Segnalazioni di Merito
Autoritad di Xavi Sala
360° di Maja Djokic
Radio di Riccardo Pugliese

Corti in Corsa
People Mover di Massimo Armani
Motivazione: Per l’abilità nel raccontare con ritmo filmico e musicale la tradizionale marcia cittadina.
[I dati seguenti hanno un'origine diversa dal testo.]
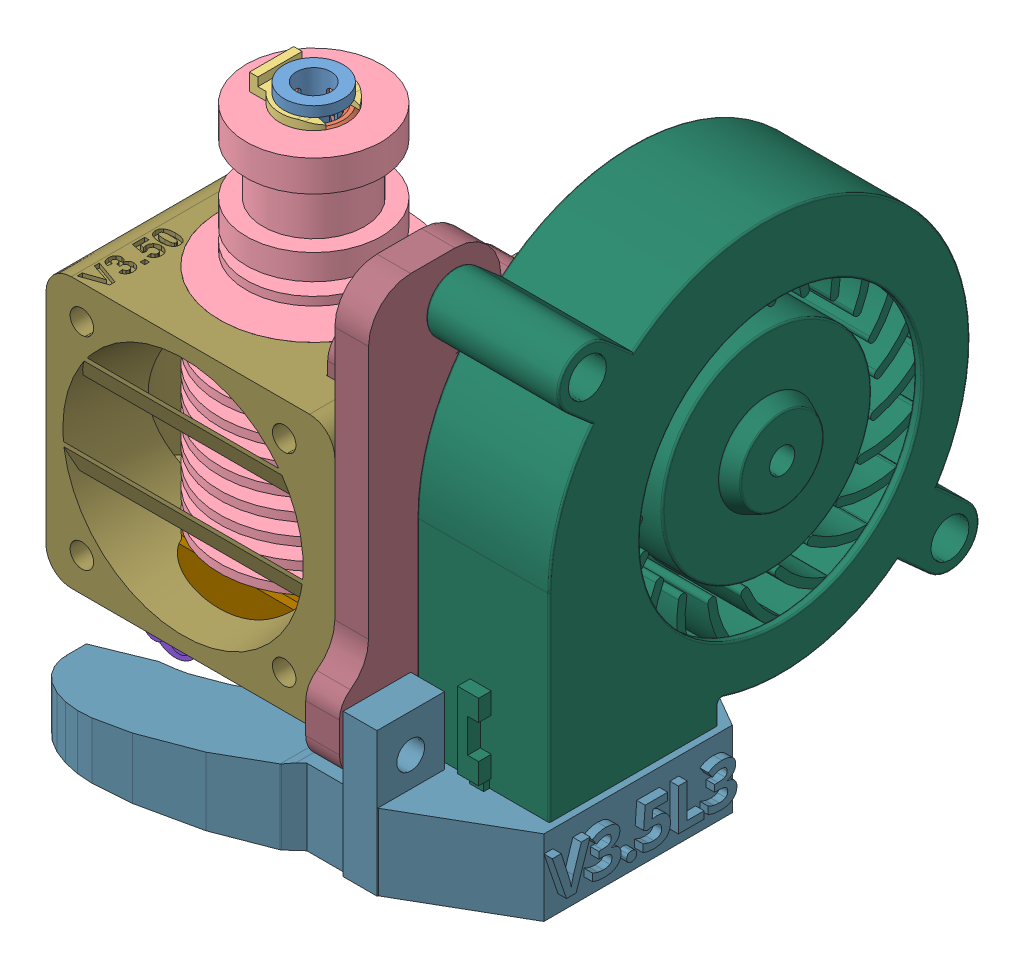
SolidWorks assembly large_blower_fan, configuration Default. Lengths in mm.
Overall size (55.78 64.5 67.05).
27 component instances, 18 part files, 12 mates.
Components (placement in the parent):
- e3D V6 1.75mm Hotend Assembly Mockup-1: e3D V6 1.75mm Hotend Assembly Mockup [Default] at (30.2552 8.4849 46.5447) x (1 0 0) z (0 1 0) size (38.97 30.07 64.5)
  - e3D V6 1.75mm Hotend Assembly Mockup.step-1: e3D V6 1.75mm Hotend Assembly Mockup.step [Default] at origin size (38.97 30.07 64.5)
    - V6-175-SINK.step-1: V6-175-SINK.step [Default] at (-0.0711 0 18.6) x (1 0.000031 0) z (0 0 1) size (22.3 22.3 44.95)
      - PTFE Tube Retainer.step-1: PTFE Tube Retainer.step [Default] at (0 0 1) x (-0.000024 -1 0) z (0 0 1) size (8 9 6.78)
        - Collet.step-1: Collet.step [Default] at (0 0 43.9) x (0 1 0) z (0 0 1) size (7 7 6.78)
        - Coupling.step-1: Coupling.step [Default] at (0 0 41.7) x (-0.000024 1 0) z (0 0 1) size (8 8 3.48)
        - Collet Clip.step-1: Collet Clip.step [Default] at (0 0 41.7) size (8 8.46 2)
      - V6-175-SINK-0.step-1: V6-175-SINK-0.step [Default] at origin size (22.3 22.3 42.75)
    - V6-Heatblock.step-1: V6-Heatblock.step [Default] at (-0.071 0.0711 5) x (1 0.000009 0) z (0 0 1) size (24.2 21 13.2)
      - M3x10 rounded head screw - 92095A182 (1).step-1: M3x10 rounded head screw - 92095A182 (1).step [Default] at (-12.5025 0 -1.6476) x (0.335243 0.942132 0) z (0 0 -1) size (5.7 5.7 11.65)
      - M3x4 flat tip set screw - 92605A098.step-1: M3x4 flat tip set screw - 92605A098.step [Default] at (6.0115 0 2.0029) x (-1 0.000002 0) z (0 0 -1) size (4.15 4.13 4)
      - Thermistor.step-1: Thermistor.step [Default] at (-0.0065 -2.7408 13.5951) x (1 0 0.000823) z (-0.000823 0 1) size (3 13.5 3)
      - Heater Cartridge.step-1: Heater Cartridge.step [Default] at (0.0988 0 0.1652) x (0.999682 0 0.025219) z (-0.025219 0 0.999682) size (5.9 21 5.9)
      - V6-Heatblock-1.step-1: V6-Heatblock-1.step [Default] at origin size (23 16 11.6)
    - Fan Assembly.step-1: Fan Assembly.step [Default] at (0 -26 15) size (33.65 30.07 30.1) (hidden)
      - Fan Shroud.step-1: Fan Shroud.step [Default] at (-16.2408 26 3.6) x (0 -1 0) z (0 0 1) size (30.07 22.05 30.1)
      - 30x10mm box fan.step-1: 30x10mm box fan.step [Default] at (-26.2408 26 18.6) x (0 -1 0) z (0 0 1) size (30 10 30)
      - M3x16 rounded head screw - 92095A184.step-1: M3x16 rounded head screw - 92095A184.step [Default] at (-27.8908 14 6.6) x (0 -1 0) z (-1 0 0) size (5.7 5.7 17.65)
      - M3x16 rounded head screw - 92095A184.step-2: M3x16 rounded head screw - 92095A184.step [Default] at (-27.8908 38 6.6) x (0 0 -1) z (-1 0 0) size (5.7 5.7 17.65)
      - M3x16 rounded head screw - 92095A184.step-3: M3x16 rounded head screw - 92095A184.step [Default] at (-27.8908 38 30.6) x (0 1 0) z (-1 0 0) size (5.7 5.7 17.65)
      - M3x16 rounded head screw - 92095A184.step-4: M3x16 rounded head screw - 92095A184.step [Default] at (-27.8908 14 30.6) x (0 0 1) z (-1 0 0) size (5.7 5.7 17.65)
    - V6-Heatbreak.step-1: V6-Heatbreak.step [Default] at (-0.071 0.0711 11.5) x (-1 -0.000034 0) z (0 0 1) size (6.99 6.98 22.15)
    - V6-175-Nozzle 0.4mm.step-1: V6-175-Nozzle 0.4mm.step [Default] at (-0.071 0.0711 1) x (1 0.000007 0) z (0 0 1) size (8.08 7 12.55)
- fan_clip-1: fan_clip [Default] at (-3.8159 22.0849 46.545) x (0.000009 0 1) z (0 1 0) size (32 34.3 32.03)
- blower_mount-1: blower_mount [Default] at (91.1843 4.528 68.6993) x (1 0 -0.000009) z (0 1 0) size (9.85 62.2 48.95)
- duct-1: duct [Default] at (16.6841 63.6337 46.5448) x (0.000009 0 1) z (0 1 0) size (47.6 51 17)
- Fan blower B5015E24B-1: Fan blower B5015E24B [Default] at (52.1839 43.0849 28.7945) x (0 -1 0) z (1 0 -0.000009) size (50.94 52.45 15.8)
Mates (geometry in assembly coordinates):
- Coincident1: coincident aligned: plane of e3D V6 1.75mm Hotend Assembly Mockup-1/e3D V6 1.75mm Hotend Assembly Mockup.step-1/V6-175-SINK.step-1/V6-175-SINK-0.step-1 through (30.1841 53.0849 46.5447) normal (0 1 0); plane of fan_clip-1 through (30.1841 53.0849 46.0447) normal (0 1 0)
- Concentric1: concentric aligned: circle of e3D V6 1.75mm Hotend Assembly Mockup-1/e3D V6 1.75mm Hotend Assembly Mockup.step-1/V6-175-SINK.step-1/V6-175-SINK-0.step-1; circle of fan_clip-1
- Parallel2: parallel aligned: plane of e3D V6 1.75mm Hotend Assembly Mockup-1/e3D V6 1.75mm Hotend Assembly Mockup.step-1/V6-Heatblock.step-1/V6-Heatblock-1.step-1 through (15.184 13.4849 38.4738) normal (-1 0 0.000009); plane of fan_clip-1 through (13.9342 22.0849 62.0448) normal (-1 0 0.000009)
- Width1: width aligned: plane of blower_mount-1 through (52.184 40.3349 36.6445) normal (-0.000009 0 -1); plane of fan_clip-1 through (52.1842 53.8599 57.0445) normal (0.000009 0 1); plane of blower_mount-1 through (48.1842 63.0849 57.0445) normal (-0.000009 0 -1); plane of fan_clip-1 through (48.184 30.5849 36.6445) normal (0.000009 0 1)
- Concentric2: concentric aligned: cylinder of fan_clip-1 through (45.184 50.0849 38.0446) axis (0.000009 0 1) radius 3; cylinder of blower_mount-1 through (45.1842 50.0849 57.0466) axis (0.000009 0 1) radius 3
- Coincident5: coincident anti-aligned: plane of fan_clip-1 through (48.1839 22.0849 30.0445) normal (1 0 -0.000009); plane of blower_mount-1 through (48.184 44.0599 34.3945) normal (-1 0 0.000009)
- Parallel3: parallel aligned: plane of blower_mount-1 through (47.2592 57.6349 57.0466) normal (0 1 0); plane of duct-1 through (47.3153 19.5849 46.5446) normal (0 1 0)
- Concentric3: concentric aligned: circle of blower_mount-1; circle of duct-1
- Coincident6: coincident anti-aligned: plane of blower_mount-1 through (52.184 44.0599 34.3945) normal (1 0 -0.000009); plane of duct-1 through (52.1842 10.5849 57.0445) normal (-1 0 0.000009)
- Concentric4: concentric aligned: circle of blower_mount-1; cylinder of Fan blower B5015E24B-1 through (52.1838 25.0849 8.7945) axis (1 0 -0.000009) radius 2.25
- Coincident7: coincident anti-aligned: plane of blower_mount-1 through (52.184 44.0599 34.3945) normal (1 0 -0.000009); plane of Fan blower B5015E24B-1 through (52.184 43.1573 30.8195) normal (-1 0 0.000009)
- Parallel4: parallel anti-aligned: plane of duct-1 through (57.1842 10.5849 57.0445) normal (-0.000009 0 -1); plane of Fan blower B5015E24B-1 through (52.1842 43.0849 56.2945) normal (0.000009 0 1)
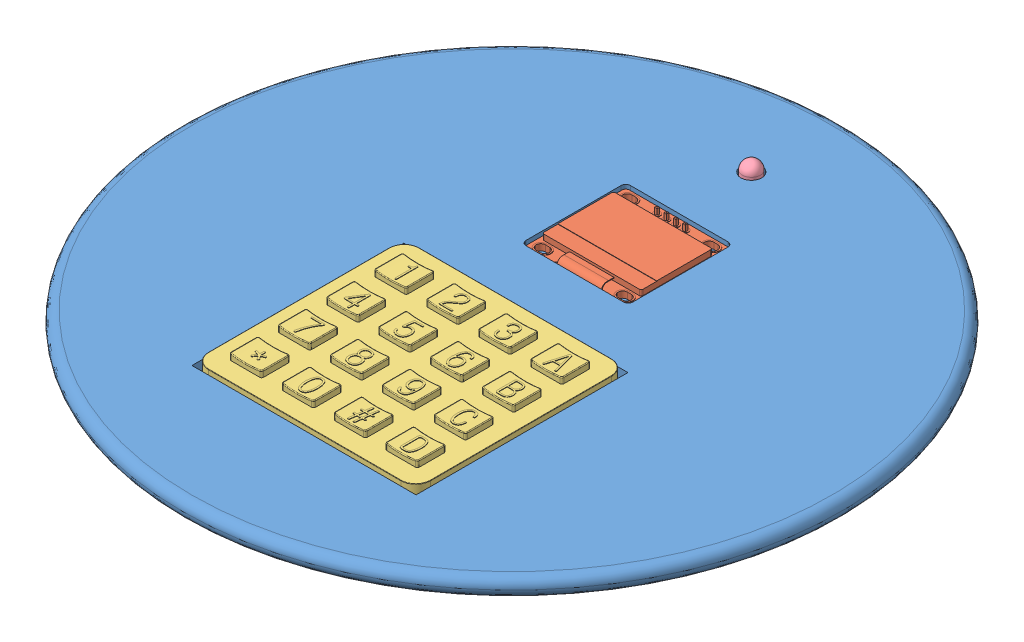
SolidWorks assembly Top, configuration Default. Lengths in mm.
Overall size (177.8 15 177.8).
4 component instances, 4 part files, 9 mates.
Components (placement in the parent):
- Middle-1: Middle [1] at (70.3126 90.2499 126.1956) size (177.8 5.08 177.8)
- OLED Screen-1: OLED Screen [Default] at (70.3126 94.3899 95.5906) x (1 0 0) z (0 1 0) size (28.3 27.65 10.4)
- Keypad-1: Keypad [Výchozí] at (70.3126 89.2899 153.6906) x (1 0 0) z (0 1 0) size (65 69 8.87)
- RBG Module-1: RBG Module [Default] at (70.3126 83.4999 61.6156) x (-0.000001 0 1) z (-1 0 -0.000001) size (15 15 24.23)
Mates (geometry in assembly coordinates):
- Coincident1: coincident anti-aligned: plane of Middle-1 through (57.1626 92.7899 82.3406) normal (0 1 0); plane of OLED Screen-1 through (70.3126 92.7899 95.1656) normal (0 -1 0)
- Width1: width aligned: plane of OLED Screen-1 through (56.9726 94.3899 85.4656) normal (-1 0 0); plane of OLED Screen-1 through (83.6526 94.3899 104.6656) normal (1 0 0); plane of Middle-1 through (84.7166 92.7899 107.9906) normal (-1 0 0); plane of Middle-1 through (55.9086 92.7899 82.3406) normal (1 0 0)
- Width2: width anti-aligned: plane of OLED Screen-1 through (56.1626 94.3899 81.3406) normal (0 0 -1); plane of OLED Screen-1 through (84.4626 94.3899 108.9906) normal (0 0 1); plane of Middle-1 through (83.4626 92.7899 81.0866) normal (0 0 1); plane of Middle-1 through (76.9626 92.7899 109.2446) normal (0 0 -1)
- Width3: width anti-aligned: plane of KlavesniceTlacitkovaSolid-1 through (96.2626 96.4899 125.2906) normal (0 0 -1); plane of KlavesniceTlacitkovaSolid-1 through (44.3626 96.4899 182.0906) normal (0 0 1); plane of Middle-1 through (40.0866 95.3299 125.1156) normal (0 0 1); plane of Middle-1 through (40.0866 95.3299 182.2656) normal (0 0 -1)
- Width4: width anti-aligned: plane of Middle-1 through (100.5386 95.3299 182.2656) normal (-1 0 0); plane of Middle-1 through (40.0866 95.3299 182.2656) normal (1 0 0); plane of KlavesniceTlacitkovaSolid-1 through (100.2626 96.4899 178.0906) normal (1 0 0); plane of KlavesniceTlacitkovaSolid-1 through (40.3626 96.4899 129.2906) normal (-1 0 0)
- Coincident2: coincident anti-aligned: plane of Middle-1 through (70.3126 92.7899 126.1956) normal (0 -1 0); plane of KlavesniceTlacitkovaSolid-1 through (40.3126 92.7899 183.1906) normal (0 1 0)
- Concentric1: concentric aligned: cylinder of Middle-1 through (70.3126 82.3473 61.6156) axis (0 1 0) radius 2.794; cylinder of RBG Module-1 through (70.3126 93.0249 61.6156) axis (0 1 0) radius 2.45
- Coincident3: coincident anti-aligned: plane of Middle-1 through (70.3126 90.2499 126.1956) normal (0 -1 0); plane of RBG Module-1 through (70.3126 90.2499 59.1656) normal (0 1 0)
- Concentric2: concentric aligned: cylinder of Middle-1 through (77.1626 92.7899 56.7656) axis (0 -1 0) radius 0.635; cylinder of RBG Module-1 through (77.1626 84.9999 56.7656) axis (0 -1 0) radius 1.15

Micrometraggi di un Giorno Qualunque
Primo Premio
Di mano in mano di Elena Pagiiaricci (Liceo Marco Polo)
Motivazione: Una giornata qualunque vista attraverso il linguaggio delle mani. Le mani sono al tempo stesso protagoniste e strumento di racconto.
Secondo PRemio
Relax But Fast di Nicole Causin (Istituto d’Arte)
Motivazione: Costruito con una tecnica efficace e immediata, che attraverso la scansione del ritmo filmico, trasmette il senso dell’evasione in una breve pausa scolastica.
Terzo Premio
Una giornata al Morosini (4B Liceo Scientifico “Scuola navale Morosini)
Motivazione: Per la capacità di comunicare con naturalezza e semplicità una giornata scolastica e di vita.

Menzione Speciale
Alla ricerca di una casa di Aluk Amiri
Motivazione: Ha saputo trattare con discrezione e limpidezza una tematica che facilmente avrebbe potuto scivolare nella banalità, utilizzando un linguaggio estremamente fluido e immediato.

Segnalazione
E avanti così… di Francesco Torlone (Liceo Marco Polo)
Motivazione: Nella descrizione di una tipica giornata di un adolescente si associano a momenti prettamente filmici ricostruzioni scenograficamente teatralizzate di situazioni realmente vissute.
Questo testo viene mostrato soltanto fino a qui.